Now that we know what's going on behind the scenes, let's answer the above questions:

  1. In some error cases, our termination logic reports that the container does not exist, whereas the conversion process (docker run ...) still exists.

That's because the conversion process may still linger, until the parent has read all the data that the container has written.

  1. Specifically for the failed conversion case, when that happens in the host, the conversion process seems to be stuck indefinitely, and we have to kill it.

The conversion process remains stuck, because the container has written lots of data to the stdout, and the host process has not read them.

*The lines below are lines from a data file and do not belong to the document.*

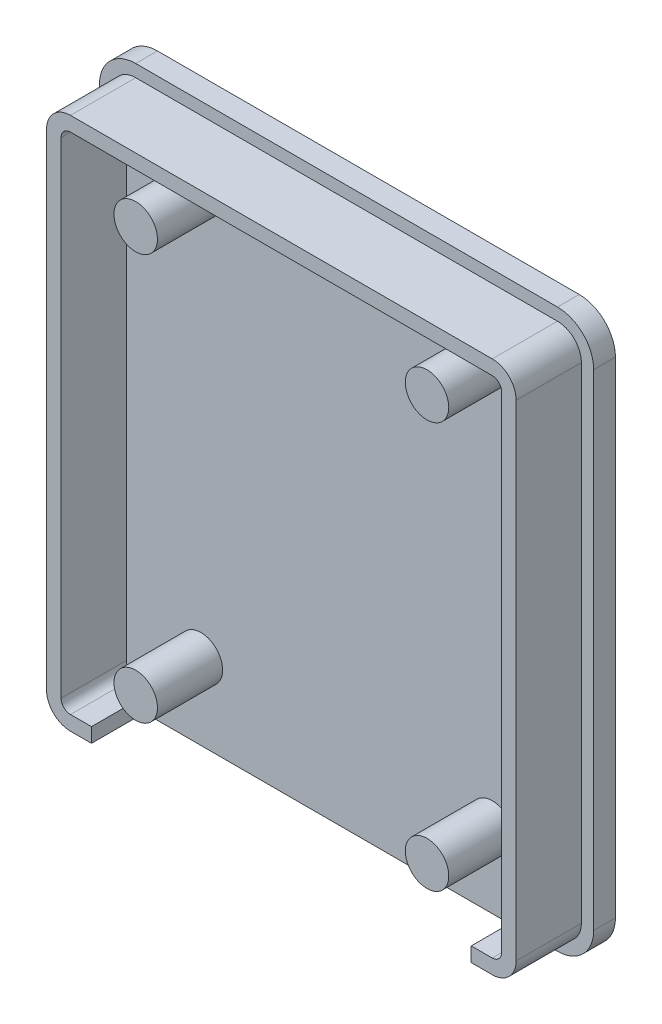
ISO-10303-21;
HEADER;
FILE_DESCRIPTION(('STEP AP214'),'2;1');
FILE_NAME('part.step','',(''),(''),'','','');
FILE_SCHEMA(('AUTOMOTIVE_DESIGN { 1 0 10303 214 1 1 1 1 }'));
ENDSEC;
DATA;
#1=APPLICATION_CONTEXT('core data for automotive mechanical design processes');
#2=APPLICATION_PROTOCOL_DEFINITION('international standard','automotive_design',2000,#1);
#3=PRODUCT_CONTEXT('',#1,'mechanical');
#4=PRODUCT('Part','Part','',(#3));
#5=PRODUCT_RELATED_PRODUCT_CATEGORY('part','',(#4));
#6=PRODUCT_DEFINITION_FORMATION('','',#4);
#7=PRODUCT_DEFINITION_CONTEXT('part definition',#1,'design');
#8=PRODUCT_DEFINITION('design','',#6,#7);
#9=PRODUCT_DEFINITION_SHAPE('','',#8);
#10=(LENGTH_UNIT() NAMED_UNIT(*) SI_UNIT(.MILLI.,.METRE.));
#11=(NAMED_UNIT(*) PLANE_ANGLE_UNIT() SI_UNIT($,.RADIAN.));
#12=(NAMED_UNIT(*) SI_UNIT($,.STERADIAN.) SOLID_ANGLE_UNIT());
#13=UNCERTAINTY_MEASURE_WITH_UNIT(LENGTH_MEASURE(1.E-05),#10,'distance_accuracy_value','');
#14=(GEOMETRIC_REPRESENTATION_CONTEXT(3) GLOBAL_UNCERTAINTY_ASSIGNED_CONTEXT((#13)) GLOBAL_UNIT_ASSIGNED_CONTEXT((#10,
#11,#12)) REPRESENTATION_CONTEXT('',''));
#15=CARTESIAN_POINT('',(0.,0.,0.));
#16=DIRECTION('',(0.,0.,1.));
#17=DIRECTION('',(1.,0.,0.));
#18=AXIS2_PLACEMENT_3D('',#15,#16,#17);
#19=CARTESIAN_POINT('',(-14.55,16.75,1.5));
#20=DIRECTION('',(0.,0.,-1.));
#21=DIRECTION('',(-1.,0.,0.));
#22=AXIS2_PLACEMENT_3D('',#19,#20,#21);
#23=CYLINDRICAL_SURFACE('',#22,2.5);
#24=CARTESIAN_POINT('',(-14.55,16.75,0.));
#25=DIRECTION('',(0.,0.,1.));
#26=DIRECTION('',(1.,0.,0.));
#27=AXIS2_PLACEMENT_3D('',#24,#25,#26);
#28=CIRCLE('',#27,2.5);
#29=CARTESIAN_POINT('',(-17.05,16.75,0.));
#30=VERTEX_POINT('',#29);
#31=CARTESIAN_POINT('',(-14.55,19.25,0.));
#32=VERTEX_POINT('',#31);
#33=EDGE_CURVE('E641',#30,#32,#28,.F.);
#34=ORIENTED_EDGE('',*,*,#33,.F.);
#35=DIRECTION('',(0.,0.,-1.));
#36=VECTOR('',#35,1.);
#37=CARTESIAN_POINT('',(-17.05,16.75,1.5));
#38=LINE('',#37,#36);
#39=CARTESIAN_POINT('',(-17.05,16.75,1.5));
#40=VERTEX_POINT('',#39);
#41=EDGE_CURVE('E293',#40,#30,#38,.T.);
#42=ORIENTED_EDGE('',*,*,#41,.F.);
#43=CARTESIAN_POINT('',(-14.55,16.75,1.5));
#44=DIRECTION('',(0.,0.,1.));
#45=DIRECTION('',(1.,0.,0.));
#46=AXIS2_PLACEMENT_3D('',#43,#44,#45);
#47=CIRCLE('',#46,2.5);
#48=CARTESIAN_POINT('',(-14.55,19.25,1.5));
#49=VERTEX_POINT('',#48);
#50=EDGE_CURVE('E642',#40,#49,#47,.F.);
#51=ORIENTED_EDGE('',*,*,#50,.T.);
#52=DIRECTION('',(0.,0.,-1.));
#53=VECTOR('',#52,1.);
#54=CARTESIAN_POINT('',(-14.55,19.25,1.5));
#55=LINE('',#54,#53);
#56=EDGE_CURVE('E664',#49,#32,#55,.T.);
#57=ORIENTED_EDGE('',*,*,#56,.T.);
#58=EDGE_LOOP('',(#34,#42,#51,#57));
#59=FACE_BOUND('',#58,.T.);
#60=ADVANCED_FACE('F290',(#59),#23,.T.);
#61=CARTESIAN_POINT('',(-17.05,0.,1.5));
#62=DIRECTION('',(-1.,0.,0.));
#63=DIRECTION('',(0.,0.,1.));
#64=AXIS2_PLACEMENT_3D('',#61,#62,#63);
#65=PLANE('',#64);
#66=DIRECTION('',(0.,1.,0.));
#67=VECTOR('',#66,1.);
#68=CARTESIAN_POINT('',(-17.05,0.,0.));
#69=LINE('',#68,#67);
#70=CARTESIAN_POINT('',(-17.05,-16.75,0.));
#71=VERTEX_POINT('',#70);
#72=EDGE_CURVE('E667',#71,#30,#69,.T.);
#73=ORIENTED_EDGE('',*,*,#72,.F.);
#74=DIRECTION('',(0.,0.,-1.));
#75=VECTOR('',#74,1.);
#76=CARTESIAN_POINT('',(-17.05,-16.75,1.5));
#77=LINE('',#76,#75);
#78=CARTESIAN_POINT('',(-17.05,-16.75,1.5));
#79=VERTEX_POINT('',#78);
#80=EDGE_CURVE('E697',#79,#71,#77,.T.);
#81=ORIENTED_EDGE('',*,*,#80,.F.);
#82=DIRECTION('',(0.,1.,0.));
#83=VECTOR('',#82,1.);
#84=CARTESIAN_POINT('',(-17.05,0.,1.5));
#85=LINE('',#84,#83);
#86=EDGE_CURVE('E645',#79,#40,#85,.T.);
#87=ORIENTED_EDGE('',*,*,#86,.T.);
#88=ORIENTED_EDGE('',*,*,#41,.T.);
#89=EDGE_LOOP('',(#73,#81,#87,#88));
#90=FACE_BOUND('',#89,.T.);
#91=ADVANCED_FACE('F741',(#90),#65,.T.);
#92=CARTESIAN_POINT('',(-14.55,-16.75,1.5));
#93=DIRECTION('',(0.,0.,-1.));
#94=DIRECTION('',(-1.,0.,0.));
#95=AXIS2_PLACEMENT_3D('',#92,#93,#94);
#96=CYLINDRICAL_SURFACE('',#95,2.5);
#97=CARTESIAN_POINT('',(-14.55,-16.75,0.));
#98=DIRECTION('',(0.,0.,1.));
#99=DIRECTION('',(1.,0.,0.));
#100=AXIS2_PLACEMENT_3D('',#97,#98,#99);
#101=CIRCLE('',#100,2.5);
#102=CARTESIAN_POINT('',(-14.55,-19.25,0.));
#103=VERTEX_POINT('',#102);
#104=EDGE_CURVE('E670',#103,#71,#101,.F.);
#105=ORIENTED_EDGE('',*,*,#104,.F.);
#106=DIRECTION('',(0.,0.,-1.));
#107=VECTOR('',#106,1.);
#108=CARTESIAN_POINT('',(-14.55,-19.25,1.5));
#109=LINE('',#108,#107);
#110=CARTESIAN_POINT('',(-14.55,-19.25,1.5));
#111=VERTEX_POINT('',#110);
#112=EDGE_CURVE('E696',#111,#103,#109,.T.);
#113=ORIENTED_EDGE('',*,*,#112,.F.);
#114=CARTESIAN_POINT('',(-14.55,-16.75,1.5));
#115=DIRECTION('',(0.,0.,1.));
#116=DIRECTION('',(1.,0.,0.));
#117=AXIS2_PLACEMENT_3D('',#114,#115,#116);
#118=CIRCLE('',#117,2.5);
#119=EDGE_CURVE('E649',#111,#79,#118,.F.);
#120=ORIENTED_EDGE('',*,*,#119,.T.);
#121=ORIENTED_EDGE('',*,*,#80,.T.);
#122=EDGE_LOOP('',(#105,#113,#120,#121));
#123=FACE_BOUND('',#122,.T.);
#124=ADVANCED_FACE('F746',(#123),#96,.T.);
#125=CARTESIAN_POINT('',(0.,-19.25,1.5));
#126=DIRECTION('',(0.,1.,0.));
#127=DIRECTION('',(0.,0.,1.));
#128=AXIS2_PLACEMENT_3D('',#125,#126,#127);
#129=PLANE('',#128);
#130=DIRECTION('',(1.,0.,0.));
#131=VECTOR('',#130,1.);
#132=CARTESIAN_POINT('',(0.,-19.25,0.));
#133=LINE('',#132,#131);
#134=CARTESIAN_POINT('',(14.55,-19.25,0.));
#135=VERTEX_POINT('',#134);
#136=EDGE_CURVE('E673',#103,#135,#133,.T.);
#137=ORIENTED_EDGE('',*,*,#136,.T.);
#138=DIRECTION('',(0.,0.,-1.));
#139=VECTOR('',#138,1.);
#140=CARTESIAN_POINT('',(14.55,-19.25,1.5));
#141=LINE('',#140,#139);
#142=CARTESIAN_POINT('',(14.55,-19.25,1.5));
#143=VERTEX_POINT('',#142);
#144=EDGE_CURVE('E693',#143,#135,#141,.T.);
#145=ORIENTED_EDGE('',*,*,#144,.F.);
#146=DIRECTION('',(1.,0.,0.));
#147=VECTOR('',#146,1.);
#148=CARTESIAN_POINT('',(0.,-19.25,1.5));
#149=LINE('',#148,#147);
#150=EDGE_CURVE('E652',#111,#143,#149,.T.);
#151=ORIENTED_EDGE('',*,*,#150,.F.);
#152=ORIENTED_EDGE('',*,*,#112,.T.);
#153=EDGE_LOOP('',(#137,#145,#151,#152));
#154=FACE_BOUND('',#153,.T.);
#155=ADVANCED_FACE('F760',(#154),#129,.F.);
#156=CARTESIAN_POINT('',(14.55,-16.75,1.5));
#157=DIRECTION('',(0.,0.,-1.));
#158=DIRECTION('',(-1.,0.,0.));
#159=AXIS2_PLACEMENT_3D('',#156,#157,#158);
#160=CYLINDRICAL_SURFACE('',#159,2.5);
#161=CARTESIAN_POINT('',(14.55,-16.75,0.));
#162=DIRECTION('',(0.,0.,1.));
#163=DIRECTION('',(1.,0.,0.));
#164=AXIS2_PLACEMENT_3D('',#161,#162,#163);
#165=CIRCLE('',#164,2.5);
#166=CARTESIAN_POINT('',(17.05,-16.75,0.));
#167=VERTEX_POINT('',#166);
#168=EDGE_CURVE('E675',#135,#167,#165,.T.);
#169=ORIENTED_EDGE('',*,*,#168,.T.);
#170=DIRECTION('',(0.,0.,-1.));
#171=VECTOR('',#170,1.);
#172=CARTESIAN_POINT('',(17.05,-16.75,1.5));
#173=LINE('',#172,#171);
#174=CARTESIAN_POINT('',(17.05,-16.75,1.5));
#175=VERTEX_POINT('',#174);
#176=EDGE_CURVE('E690',#175,#167,#173,.T.);
#177=ORIENTED_EDGE('',*,*,#176,.F.);
#178=CARTESIAN_POINT('',(14.55,-16.75,1.5));
#179=DIRECTION('',(0.,0.,1.));
#180=DIRECTION('',(1.,0.,0.));
#181=AXIS2_PLACEMENT_3D('',#178,#179,#180);
#182=CIRCLE('',#181,2.5);
#183=EDGE_CURVE('E654',#143,#175,#182,.T.);
#184=ORIENTED_EDGE('',*,*,#183,.F.);
#185=ORIENTED_EDGE('',*,*,#144,.T.);
#186=EDGE_LOOP('',(#169,#177,#184,#185));
#187=FACE_BOUND('',#186,.T.);
#188=ADVANCED_FACE('F767',(#187),#160,.T.);
#189=CARTESIAN_POINT('',(17.05,0.,1.5));
#190=DIRECTION('',(-1.,0.,0.));
#191=DIRECTION('',(0.,0.,1.));
#192=AXIS2_PLACEMENT_3D('',#189,#190,#191);
#193=PLANE('',#192);
#194=DIRECTION('',(0.,1.,0.));
#195=VECTOR('',#194,1.);
#196=CARTESIAN_POINT('',(17.05,0.,0.));
#197=LINE('',#196,#195);
#198=CARTESIAN_POINT('',(17.05,16.75,0.));
#199=VERTEX_POINT('',#198);
#200=EDGE_CURVE('E677',#167,#199,#197,.T.);
#201=ORIENTED_EDGE('',*,*,#200,.T.);
#202=DIRECTION('',(0.,0.,-1.));
#203=VECTOR('',#202,1.);
#204=CARTESIAN_POINT('',(17.05,16.75,1.5));
#205=LINE('',#204,#203);
#206=CARTESIAN_POINT('',(17.05,16.75,1.5));
#207=VERTEX_POINT('',#206);
#208=EDGE_CURVE('E688',#207,#199,#205,.T.);
#209=ORIENTED_EDGE('',*,*,#208,.F.);
#210=DIRECTION('',(0.,1.,0.));
#211=VECTOR('',#210,1.);
#212=CARTESIAN_POINT('',(17.05,0.,1.5));
#213=LINE('',#212,#211);
#214=EDGE_CURVE('E656',#175,#207,#213,.T.);
#215=ORIENTED_EDGE('',*,*,#214,.F.);
#216=ORIENTED_EDGE('',*,*,#176,.T.);
#217=EDGE_LOOP('',(#201,#209,#215,#216));
#218=FACE_BOUND('',#217,.T.);
#219=ADVANCED_FACE('F771',(#218),#193,.F.);
#220=CARTESIAN_POINT('',(14.55,16.75,1.5));
#221=DIRECTION('',(0.,0.,-1.));
#222=DIRECTION('',(-1.,0.,0.));
#223=AXIS2_PLACEMENT_3D('',#220,#221,#222);
#224=CYLINDRICAL_SURFACE('',#223,2.5);
#225=CARTESIAN_POINT('',(14.55,16.75,0.));
#226=DIRECTION('',(0.,0.,1.));
#227=DIRECTION('',(1.,0.,0.));
#228=AXIS2_PLACEMENT_3D('',#225,#226,#227);
#229=CIRCLE('',#228,2.5);
#230=CARTESIAN_POINT('',(14.55,19.25,0.));
#231=VERTEX_POINT('',#230);
#232=EDGE_CURVE('E680',#231,#199,#229,.F.);
#233=ORIENTED_EDGE('',*,*,#232,.F.);
#234=DIRECTION('',(0.,0.,-1.));
#235=VECTOR('',#234,1.);
#236=CARTESIAN_POINT('',(14.55,19.25,1.5));
#237=LINE('',#236,#235);
#238=CARTESIAN_POINT('',(14.55,19.25,1.5));
#239=VERTEX_POINT('',#238);
#240=EDGE_CURVE('E686',#239,#231,#237,.T.);
#241=ORIENTED_EDGE('',*,*,#240,.F.);
#242=CARTESIAN_POINT('',(14.55,16.75,1.5));
#243=DIRECTION('',(0.,0.,1.));
#244=DIRECTION('',(1.,0.,0.));
#245=AXIS2_PLACEMENT_3D('',#242,#243,#244);
#246=CIRCLE('',#245,2.5);
#247=EDGE_CURVE('E658',#239,#207,#246,.F.);
#248=ORIENTED_EDGE('',*,*,#247,.T.);
#249=ORIENTED_EDGE('',*,*,#208,.T.);
#250=EDGE_LOOP('',(#233,#241,#248,#249));
#251=FACE_BOUND('',#250,.T.);
#252=ADVANCED_FACE('F774',(#251),#224,.T.);
#253=CARTESIAN_POINT('',(0.,19.25,1.5));
#254=DIRECTION('',(0.,1.,0.));
#255=DIRECTION('',(0.,0.,1.));
#256=AXIS2_PLACEMENT_3D('',#253,#254,#255);
#257=PLANE('',#256);
#258=DIRECTION('',(1.,0.,0.));
#259=VECTOR('',#258,1.);
#260=CARTESIAN_POINT('',(0.,19.25,0.));
#261=LINE('',#260,#259);
#262=EDGE_CURVE('E646',#32,#231,#261,.T.);
#263=ORIENTED_EDGE('',*,*,#262,.F.);
#264=ORIENTED_EDGE('',*,*,#56,.F.);
#265=DIRECTION('',(1.,0.,0.));
#266=VECTOR('',#265,1.);
#267=CARTESIAN_POINT('',(0.,19.25,1.5));
#268=LINE('',#267,#266);
#269=EDGE_CURVE('E661',#49,#239,#268,.T.);
#270=ORIENTED_EDGE('',*,*,#269,.T.);
#271=ORIENTED_EDGE('',*,*,#240,.T.);
#272=EDGE_LOOP('',(#263,#264,#270,#271));
#273=FACE_BOUND('',#272,.T.);
#274=ADVANCED_FACE('F776',(#273),#257,.T.);
#275=CARTESIAN_POINT('',(0.,0.,1.5));
#276=DIRECTION('',(0.,0.,1.));
#277=DIRECTION('',(1.,0.,0.));
#278=AXIS2_PLACEMENT_3D('',#275,#276,#277);
#279=PLANE('',#278);
#280=CARTESIAN_POINT('',(10.05,14.,1.5));
#281=DIRECTION('',(0.,0.,1.));
#282=DIRECTION('',(1.,0.,0.));
#283=AXIS2_PLACEMENT_3D('',#280,#281,#282);
#284=CIRCLE('',#283,1.5);
#285=CARTESIAN_POINT('',(11.55,14.,1.5));
#286=VERTEX_POINT('',#285);
#287=EDGE_CURVE('E12',#286,#286,#284,.T.);
#288=ORIENTED_EDGE('',*,*,#287,.F.);
#289=EDGE_LOOP('',(#288));
#290=FACE_BOUND('',#289,.T.);
#291=CARTESIAN_POINT('',(10.05,-14.,1.5));
#292=DIRECTION('',(0.,0.,1.));
#293=DIRECTION('',(1.,0.,0.));
#294=AXIS2_PLACEMENT_3D('',#291,#292,#293);
#295=CIRCLE('',#294,1.5);
#296=CARTESIAN_POINT('',(11.55,-14.,1.5));
#297=VERTEX_POINT('',#296);
#298=EDGE_CURVE('E715',#297,#297,#295,.F.);
#299=ORIENTED_EDGE('',*,*,#298,.T.);
#300=EDGE_LOOP('',(#299));
#301=FACE_BOUND('',#300,.T.);
#302=CARTESIAN_POINT('',(-10.05,-14.,1.5));
#303=DIRECTION('',(0.,0.,1.));
#304=DIRECTION('',(1.,0.,0.));
#305=AXIS2_PLACEMENT_3D('',#302,#303,#304);
#306=CIRCLE('',#305,1.5);
#307=CARTESIAN_POINT('',(-8.55,-14.,1.5));
#308=VERTEX_POINT('',#307);
#309=EDGE_CURVE('E298',#308,#308,#306,.T.);
#310=ORIENTED_EDGE('',*,*,#309,.F.);
#311=EDGE_LOOP('',(#310));
#312=FACE_BOUND('',#311,.T.);
#313=CARTESIAN_POINT('',(-10.05,14.,1.5));
#314=DIRECTION('',(0.,0.,1.));
#315=DIRECTION('',(1.,0.,0.));
#316=AXIS2_PLACEMENT_3D('',#313,#314,#315);
#317=CIRCLE('',#316,1.5);
#318=CARTESIAN_POINT('',(-8.55,14.,1.5));
#319=VERTEX_POINT('',#318);
#320=EDGE_CURVE('E497',#319,#319,#317,.F.);
#321=ORIENTED_EDGE('',*,*,#320,.T.);
#322=EDGE_LOOP('',(#321));
#323=FACE_BOUND('',#322,.T.);
#324=DIRECTION('',(-1.,0.,0.));
#325=VECTOR('',#324,1.);
#326=CARTESIAN_POINT('',(0.,-17.4,1.5));
#327=LINE('',#326,#325);
#328=CARTESIAN_POINT('',(-13.1007663501877,-17.4,1.5));
#329=VERTEX_POINT('',#328);
#330=CARTESIAN_POINT('',(-14.55,-17.4,1.5));
#331=VERTEX_POINT('',#330);
#332=EDGE_CURVE('E481',#329,#331,#327,.T.);
#333=ORIENTED_EDGE('',*,*,#332,.F.);
#334=DIRECTION('',(0.,1.,0.));
#335=VECTOR('',#334,1.);
#336=CARTESIAN_POINT('',(-13.1007663501877,0.,1.5));
#337=LINE('',#336,#335);
#338=CARTESIAN_POINT('',(-13.1007663501877,-18.4,1.5));
#339=VERTEX_POINT('',#338);
#340=EDGE_CURVE('E483',#339,#329,#337,.T.);
#341=ORIENTED_EDGE('',*,*,#340,.F.);
#342=DIRECTION('',(-1.,0.,0.));
#343=VECTOR('',#342,1.);
#344=CARTESIAN_POINT('',(0.,-18.4,1.5));
#345=LINE('',#344,#343);
#346=CARTESIAN_POINT('',(-14.55,-18.4,1.5));
#347=VERTEX_POINT('',#346);
#348=EDGE_CURVE('E598',#339,#347,#345,.T.);
#349=ORIENTED_EDGE('',*,*,#348,.T.);
#350=CARTESIAN_POINT('',(-14.55,-16.75,1.5));
#351=DIRECTION('',(0.,0.,1.));
#352=DIRECTION('',(1.,0.,0.));
#353=AXIS2_PLACEMENT_3D('',#350,#351,#352);
#354=CIRCLE('',#353,1.65);
#355=CARTESIAN_POINT('',(-16.2,-16.75,1.5));
#356=VERTEX_POINT('',#355);
#357=EDGE_CURVE('E600',#356,#347,#354,.T.);
#358=ORIENTED_EDGE('',*,*,#357,.F.);
#359=DIRECTION('',(0.,-1.,0.));
#360=VECTOR('',#359,1.);
#361=CARTESIAN_POINT('',(-16.2,0.,1.5));
#362=LINE('',#361,#360);
#363=CARTESIAN_POINT('',(-16.2,16.75,1.5));
#364=VERTEX_POINT('',#363);
#365=EDGE_CURVE('E603',#364,#356,#362,.T.);
#366=ORIENTED_EDGE('',*,*,#365,.F.);
#367=CARTESIAN_POINT('',(-14.55,16.75,1.5));
#368=DIRECTION('',(0.,0.,1.));
#369=DIRECTION('',(1.,0.,0.));
#370=AXIS2_PLACEMENT_3D('',#367,#368,#369);
#371=CIRCLE('',#370,1.65);
#372=CARTESIAN_POINT('',(-14.55,18.4,1.5));
#373=VERTEX_POINT('',#372);
#374=EDGE_CURVE('E606',#373,#364,#371,.T.);
#375=ORIENTED_EDGE('',*,*,#374,.F.);
#376=DIRECTION('',(-1.,0.,0.));
#377=VECTOR('',#376,1.);
#378=CARTESIAN_POINT('',(0.,18.4,1.5));
#379=LINE('',#378,#377);
#380=CARTESIAN_POINT('',(14.55,18.4,1.5));
#381=VERTEX_POINT('',#380);
#382=EDGE_CURVE('E609',#381,#373,#379,.T.);
#383=ORIENTED_EDGE('',*,*,#382,.F.);
#384=CARTESIAN_POINT('',(14.55,16.75,1.5));
#385=DIRECTION('',(0.,0.,1.));
#386=DIRECTION('',(1.,0.,0.));
#387=AXIS2_PLACEMENT_3D('',#384,#385,#386);
#388=CIRCLE('',#387,1.65);
#389=CARTESIAN_POINT('',(16.2,16.75,1.5));
#390=VERTEX_POINT('',#389);
#391=EDGE_CURVE('E612',#390,#381,#388,.T.);
#392=ORIENTED_EDGE('',*,*,#391,.F.);
#393=DIRECTION('',(0.,-1.,0.));
#394=VECTOR('',#393,1.);
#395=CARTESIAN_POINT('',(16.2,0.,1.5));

apyrgio commented 5 months ago

How can we improve here? We can do the following:

  1. Unconditionally kill the container once the conversion is over, and don't check if kill succeeded, since it's racy.
    • Log a warning if the container still exists after kill, since this is not racy, and not expected.
  2. Gracefully terminate the conversion process after we terminate the container, since we at that point, we don't want to read its data.